# Just got me some Cardinal Tetras, Need some info!



## Knight~Ryder (Dec 2, 2007)

I just bought 3 cardinal tetras, I noticed 1 really changed colour when he went into the bag, is this normal?

Also is there any special treatment I need to give these glowing bad boys?
Or just any info in general?


----------



## oliesminis (May 7, 2007)

they sometimes lose there color out of stress so it may well be normal 

however they do need to be kept in groups of at least 5 so do all your other types of tetras, i would reccomend you take bake one type and get at least 2 more of each 

i would also take back your danios as they need to be in groups of 5 or each type and doing that will seriously over stock your tank

Stocking suggestion

2 dwarf blue rainbow fish
2 schools of 8 tetras of the same breed
2 ottos
perhaps something like 4-5 corydoras

not trying to be nasty here but your fish wont be happy as it is

oh and here is some info on cardinals

http://www.aquahobby.com/gallery/e_Cardinal_Tetra_Paracheirodon_axelrodi.php

http://www.tropicalfishdata.com/tetras/cardinal_tetra.html

http://elmersaquarium.com/10tetra_cardinal.htm

-olie


----------



## Knight~Ryder (Dec 2, 2007)

*I DON'T BELIEVE IT!

The rainbow fish kept chasing one over and over, (I bet you anything because of the glowing effect the cardinal has)?

I looked back about 20 minutes later, and the fish were eating 1 cardinal!!! Now it's gone. WHAT ON EARTH is that all about? They savagely ate him?

So I bet the other ones will be attacked too?

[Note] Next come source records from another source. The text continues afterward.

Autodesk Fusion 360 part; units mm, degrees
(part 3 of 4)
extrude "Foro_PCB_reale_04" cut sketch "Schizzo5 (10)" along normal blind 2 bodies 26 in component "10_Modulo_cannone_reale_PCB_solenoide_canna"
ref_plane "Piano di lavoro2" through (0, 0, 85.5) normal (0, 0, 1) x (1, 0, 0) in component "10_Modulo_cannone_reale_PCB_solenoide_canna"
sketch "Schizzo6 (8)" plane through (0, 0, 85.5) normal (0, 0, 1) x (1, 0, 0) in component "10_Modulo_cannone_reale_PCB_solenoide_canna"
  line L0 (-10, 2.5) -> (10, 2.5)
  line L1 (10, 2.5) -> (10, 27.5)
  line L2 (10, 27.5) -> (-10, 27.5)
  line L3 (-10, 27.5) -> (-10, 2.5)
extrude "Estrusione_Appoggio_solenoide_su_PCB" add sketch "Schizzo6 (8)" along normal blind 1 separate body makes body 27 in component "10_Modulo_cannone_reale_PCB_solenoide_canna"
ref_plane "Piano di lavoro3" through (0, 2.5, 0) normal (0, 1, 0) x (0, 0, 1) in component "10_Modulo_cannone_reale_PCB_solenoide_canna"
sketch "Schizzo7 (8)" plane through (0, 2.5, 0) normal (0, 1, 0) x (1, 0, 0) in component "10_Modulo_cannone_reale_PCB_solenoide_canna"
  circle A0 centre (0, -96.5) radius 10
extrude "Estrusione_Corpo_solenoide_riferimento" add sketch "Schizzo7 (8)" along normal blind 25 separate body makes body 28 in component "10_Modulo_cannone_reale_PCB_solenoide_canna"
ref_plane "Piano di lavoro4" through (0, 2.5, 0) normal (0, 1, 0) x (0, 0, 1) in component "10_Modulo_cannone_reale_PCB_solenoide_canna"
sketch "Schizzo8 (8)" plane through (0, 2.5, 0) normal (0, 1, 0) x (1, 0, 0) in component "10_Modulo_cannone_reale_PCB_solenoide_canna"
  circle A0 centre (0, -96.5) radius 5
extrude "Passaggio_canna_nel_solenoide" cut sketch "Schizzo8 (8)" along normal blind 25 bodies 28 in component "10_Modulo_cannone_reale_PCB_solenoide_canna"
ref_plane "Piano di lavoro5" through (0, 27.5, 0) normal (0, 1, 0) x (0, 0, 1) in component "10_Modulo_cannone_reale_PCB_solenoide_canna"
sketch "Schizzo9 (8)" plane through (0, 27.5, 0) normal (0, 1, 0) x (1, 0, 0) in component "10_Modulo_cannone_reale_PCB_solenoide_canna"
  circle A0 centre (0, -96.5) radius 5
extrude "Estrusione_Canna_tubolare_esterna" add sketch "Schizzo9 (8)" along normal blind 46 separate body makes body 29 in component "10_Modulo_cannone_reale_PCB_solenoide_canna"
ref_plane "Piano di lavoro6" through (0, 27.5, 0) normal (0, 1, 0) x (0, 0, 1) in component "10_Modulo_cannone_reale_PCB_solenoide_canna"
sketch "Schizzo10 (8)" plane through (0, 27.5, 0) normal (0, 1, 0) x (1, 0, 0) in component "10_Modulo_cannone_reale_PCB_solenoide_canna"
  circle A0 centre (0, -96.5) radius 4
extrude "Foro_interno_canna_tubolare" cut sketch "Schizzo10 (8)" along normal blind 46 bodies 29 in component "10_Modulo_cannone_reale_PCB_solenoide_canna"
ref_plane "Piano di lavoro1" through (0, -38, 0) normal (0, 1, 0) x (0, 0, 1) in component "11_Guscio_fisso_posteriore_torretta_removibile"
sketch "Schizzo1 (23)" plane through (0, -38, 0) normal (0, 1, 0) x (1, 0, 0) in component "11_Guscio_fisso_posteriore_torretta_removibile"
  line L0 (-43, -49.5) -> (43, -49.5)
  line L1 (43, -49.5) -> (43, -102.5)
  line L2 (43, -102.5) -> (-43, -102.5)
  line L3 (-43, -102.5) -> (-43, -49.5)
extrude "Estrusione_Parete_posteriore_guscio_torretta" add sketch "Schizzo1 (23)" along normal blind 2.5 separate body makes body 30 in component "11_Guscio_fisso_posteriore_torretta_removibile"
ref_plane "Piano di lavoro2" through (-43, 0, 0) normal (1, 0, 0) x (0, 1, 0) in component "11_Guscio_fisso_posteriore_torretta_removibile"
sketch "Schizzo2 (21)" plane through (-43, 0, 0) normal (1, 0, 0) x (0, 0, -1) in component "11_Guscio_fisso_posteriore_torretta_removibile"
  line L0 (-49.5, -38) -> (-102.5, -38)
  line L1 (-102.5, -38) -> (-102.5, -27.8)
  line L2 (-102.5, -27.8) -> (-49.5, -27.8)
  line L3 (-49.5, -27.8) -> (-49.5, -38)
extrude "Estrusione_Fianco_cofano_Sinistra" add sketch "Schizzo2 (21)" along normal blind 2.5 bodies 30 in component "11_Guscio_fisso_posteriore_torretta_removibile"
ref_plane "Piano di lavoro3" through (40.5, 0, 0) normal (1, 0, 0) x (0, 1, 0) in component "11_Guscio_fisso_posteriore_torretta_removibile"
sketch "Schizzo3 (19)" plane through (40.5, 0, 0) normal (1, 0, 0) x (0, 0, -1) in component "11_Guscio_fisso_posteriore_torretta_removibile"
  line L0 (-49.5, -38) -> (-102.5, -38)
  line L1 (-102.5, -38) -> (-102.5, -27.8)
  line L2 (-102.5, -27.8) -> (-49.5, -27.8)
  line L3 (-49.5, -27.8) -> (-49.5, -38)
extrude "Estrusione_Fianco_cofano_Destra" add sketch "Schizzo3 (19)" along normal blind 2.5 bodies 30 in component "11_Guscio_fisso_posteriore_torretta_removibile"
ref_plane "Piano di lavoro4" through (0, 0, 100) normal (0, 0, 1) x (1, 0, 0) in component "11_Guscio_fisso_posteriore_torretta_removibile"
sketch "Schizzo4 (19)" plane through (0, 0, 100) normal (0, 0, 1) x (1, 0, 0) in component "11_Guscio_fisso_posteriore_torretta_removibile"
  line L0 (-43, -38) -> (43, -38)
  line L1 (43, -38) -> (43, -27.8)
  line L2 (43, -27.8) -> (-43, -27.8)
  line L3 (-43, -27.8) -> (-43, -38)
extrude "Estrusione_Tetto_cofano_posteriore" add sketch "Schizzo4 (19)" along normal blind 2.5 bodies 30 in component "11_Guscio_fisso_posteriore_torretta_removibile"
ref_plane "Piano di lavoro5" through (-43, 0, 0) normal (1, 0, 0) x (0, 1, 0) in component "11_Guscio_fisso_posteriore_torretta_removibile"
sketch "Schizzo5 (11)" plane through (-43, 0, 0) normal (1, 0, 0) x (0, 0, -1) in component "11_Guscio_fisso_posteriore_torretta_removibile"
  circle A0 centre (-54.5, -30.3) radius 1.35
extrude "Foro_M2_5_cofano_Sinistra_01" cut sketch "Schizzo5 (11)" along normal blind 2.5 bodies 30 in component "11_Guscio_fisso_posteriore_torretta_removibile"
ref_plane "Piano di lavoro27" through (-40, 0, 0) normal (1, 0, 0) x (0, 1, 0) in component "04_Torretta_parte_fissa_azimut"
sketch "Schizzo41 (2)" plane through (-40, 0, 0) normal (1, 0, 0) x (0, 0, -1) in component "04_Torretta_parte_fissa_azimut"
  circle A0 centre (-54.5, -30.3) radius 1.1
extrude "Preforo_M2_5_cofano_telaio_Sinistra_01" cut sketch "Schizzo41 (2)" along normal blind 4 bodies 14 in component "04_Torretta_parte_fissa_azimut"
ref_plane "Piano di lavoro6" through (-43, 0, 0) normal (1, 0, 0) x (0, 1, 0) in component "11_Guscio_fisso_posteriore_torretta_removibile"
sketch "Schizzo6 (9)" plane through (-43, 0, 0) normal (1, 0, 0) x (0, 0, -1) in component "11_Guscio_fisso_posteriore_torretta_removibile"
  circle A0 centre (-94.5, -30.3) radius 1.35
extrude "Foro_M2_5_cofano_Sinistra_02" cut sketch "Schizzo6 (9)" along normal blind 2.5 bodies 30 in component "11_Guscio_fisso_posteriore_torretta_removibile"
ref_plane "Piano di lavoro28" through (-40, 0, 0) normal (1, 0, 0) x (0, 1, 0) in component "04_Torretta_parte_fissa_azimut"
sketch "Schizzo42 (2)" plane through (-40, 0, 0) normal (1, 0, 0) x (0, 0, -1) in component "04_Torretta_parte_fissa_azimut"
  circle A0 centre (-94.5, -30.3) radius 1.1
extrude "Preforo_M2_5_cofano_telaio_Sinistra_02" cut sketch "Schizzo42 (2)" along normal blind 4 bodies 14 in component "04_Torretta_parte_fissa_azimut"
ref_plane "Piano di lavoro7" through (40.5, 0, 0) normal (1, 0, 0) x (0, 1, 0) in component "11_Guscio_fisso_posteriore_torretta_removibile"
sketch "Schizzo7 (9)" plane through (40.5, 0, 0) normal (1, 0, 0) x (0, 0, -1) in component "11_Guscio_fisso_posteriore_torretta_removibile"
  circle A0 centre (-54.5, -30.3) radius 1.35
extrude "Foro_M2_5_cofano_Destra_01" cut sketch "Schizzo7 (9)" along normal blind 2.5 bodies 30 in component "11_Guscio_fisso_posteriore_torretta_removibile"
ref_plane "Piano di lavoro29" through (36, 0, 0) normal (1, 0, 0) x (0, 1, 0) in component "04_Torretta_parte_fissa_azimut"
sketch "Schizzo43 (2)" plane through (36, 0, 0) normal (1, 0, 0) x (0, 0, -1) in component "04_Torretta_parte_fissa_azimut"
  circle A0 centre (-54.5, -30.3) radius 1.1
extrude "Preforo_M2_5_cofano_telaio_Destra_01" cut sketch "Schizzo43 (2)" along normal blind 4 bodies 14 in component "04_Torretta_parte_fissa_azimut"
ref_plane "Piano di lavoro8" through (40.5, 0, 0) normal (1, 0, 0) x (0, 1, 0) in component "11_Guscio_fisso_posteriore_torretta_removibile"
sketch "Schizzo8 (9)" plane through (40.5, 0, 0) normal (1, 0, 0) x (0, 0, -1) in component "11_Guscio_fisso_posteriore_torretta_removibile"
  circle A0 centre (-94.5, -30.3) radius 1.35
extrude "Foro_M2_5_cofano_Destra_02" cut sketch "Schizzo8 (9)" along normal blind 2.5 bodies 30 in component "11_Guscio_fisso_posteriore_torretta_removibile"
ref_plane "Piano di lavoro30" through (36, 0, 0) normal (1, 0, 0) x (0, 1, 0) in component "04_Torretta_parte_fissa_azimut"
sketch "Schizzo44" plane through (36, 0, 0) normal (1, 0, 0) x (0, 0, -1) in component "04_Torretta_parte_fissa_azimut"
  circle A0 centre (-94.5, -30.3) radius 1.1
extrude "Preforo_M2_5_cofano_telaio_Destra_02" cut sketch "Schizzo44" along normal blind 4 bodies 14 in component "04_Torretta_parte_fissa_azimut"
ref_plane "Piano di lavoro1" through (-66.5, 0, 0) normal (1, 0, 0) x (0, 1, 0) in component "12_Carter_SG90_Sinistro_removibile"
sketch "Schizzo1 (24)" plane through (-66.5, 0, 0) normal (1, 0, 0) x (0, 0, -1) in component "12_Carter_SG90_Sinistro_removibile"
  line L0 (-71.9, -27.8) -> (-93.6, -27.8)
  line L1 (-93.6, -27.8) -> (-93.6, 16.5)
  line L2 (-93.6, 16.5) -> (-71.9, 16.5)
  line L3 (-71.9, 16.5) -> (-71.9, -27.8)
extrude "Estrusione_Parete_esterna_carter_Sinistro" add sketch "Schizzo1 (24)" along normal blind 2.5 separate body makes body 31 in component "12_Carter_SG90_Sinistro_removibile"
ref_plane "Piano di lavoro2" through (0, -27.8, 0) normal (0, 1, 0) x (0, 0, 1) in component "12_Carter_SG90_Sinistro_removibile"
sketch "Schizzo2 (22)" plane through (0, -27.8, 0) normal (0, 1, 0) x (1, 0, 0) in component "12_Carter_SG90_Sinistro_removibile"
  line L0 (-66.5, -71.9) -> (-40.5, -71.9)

I don't believe rainbow fish are so peaceful now!

    :-(  :-( :-( *

What's going on?


----------



## oliesminis (May 7, 2007)

go on google, type in rainbow fish and read up on them, however you will need to consider what i said earlier pretty soon.


----------



## Blue Cray (Oct 19, 2007)

What did you expect rainbows are not a community fish, you would know that if you did more research.


----------



## Knight~Ryder (Dec 2, 2007)

Blue Cray said:


> What did you expect rainbows are not a community fish, you would know that if you did more research.


Thanks for the advice.

I did my research on the blue rainbow, and I was told they are the most peaceful fish out there, if I find the links again I can show you. I got that from about 5 sources..saying that they are hardy and very peaceful and that they will shoal with other fish as well.

I saw their behavior before as well, never nipping at other fish or anything. Now all of a sudden they attack these cardinals. If anything I would have thought the blackskirts would do something, but no, it was the rainbows!

Pisses me off!

I want to know why they attacked them. They werent even really tiny. Are these rainbows going to be a problem?


----------



## Gourami Swami (Jul 4, 2006)

You cant have done much research on your fish, as the first thing that will come up for cardinal, black skirt, rummynose, and headtail tetras, as well as both of your danio types, is that they are SCHOOLING fish... which wouls mean they need a school. 3 isnt a school. Your stocking is far from optimal.


----------



## Blue Cray (Oct 19, 2007)

Rainbows are agressive all around (mostly) theres not much exceptions. With most fish the rule is if the fish can fit in its mouth it'll eat the fish. 



> Advice: Many fish are labelled "community fish", but it
> really depends on what kind of community you have.


Most of us have had the same problem anyways when we start out, mostly trial and error until we do research. I'm not saying youre a newbie at this but from the ratio of fish in your tank you need to do more research almost all those fish should be in schools.


----------



## trashion (Aug 24, 2007)

Agreed with everyone else. Beef up your schools, or you're going to only have more problems with aggression.


----------



## Guest (Mar 17, 2008)

Blue Cray said:


> What did you expect rainbows are not a community fish, you would know that if you did more research.


Actually, Rainbows are community fish and I find it hard to believe that a Rainbowfish ate a Cardinal. Maybe the Cardinal died first and then then Rainbows ate them. Rainbowfish are peaceful and I have NEVER heard of them killing anything. If you truly have a Dwarf Neon Rainbow, their mouths are not large enough to eat a Cardinal tetra.



Knight~Ryder said:


> I did my research on the blue rainbow, and I was told they are the most peaceful fish out there, if I find the links again I can show you. I got that from about 5 sources..saying that they are hardy and very peaceful and that they will shoal with other fish as well.


You should have read that Rainbows are schooling fish and need more than 3 to be happy. You should have started with 6-7 Rainbows and not 2-3.



Gourami Swami said:


> You cant have done much research on your fish, as the first thing that will come up for cardinal, black skirt, rummynose, and headtail tetras, as well as both of your danio types, is that they are SCHOOLING fish... which wouls mean they need a school. 3 isnt a school. Your stocking is far from optimal.


Agreed. I've told Knight~Ryder that before when his/her tank was new that they needed schools.......and now you just keep adding trios of fish to the mix and not taking advice given to you.


----------



## Knight~Ryder (Dec 2, 2007)

I just noticed that the rainbows were the ones chasing non stop. The black skirts checked them out a bit and swam away without doing a thing, but the rainbows were the ones nipping and nipping. The rainbows were searching for the cardinals when they couldnt see them. It's like they were on a mission to kill them?

Was it their colour?

It couldn't have been the size, no fish in my tank was THAT much larger then them. I have a pearl danio just as small as the cardinals, and he is fine.

Im really interested in what made them do that? Did they feel invaded? They didn't want more fish in their tank?

WHAT?


----------



## oliesminis (May 7, 2007)

it is hard to tell as each fish is different and therefore they do different things

it could be anything from them being bored to them being hungry to them not liking them, anything that fits could be a explanation

-olie


----------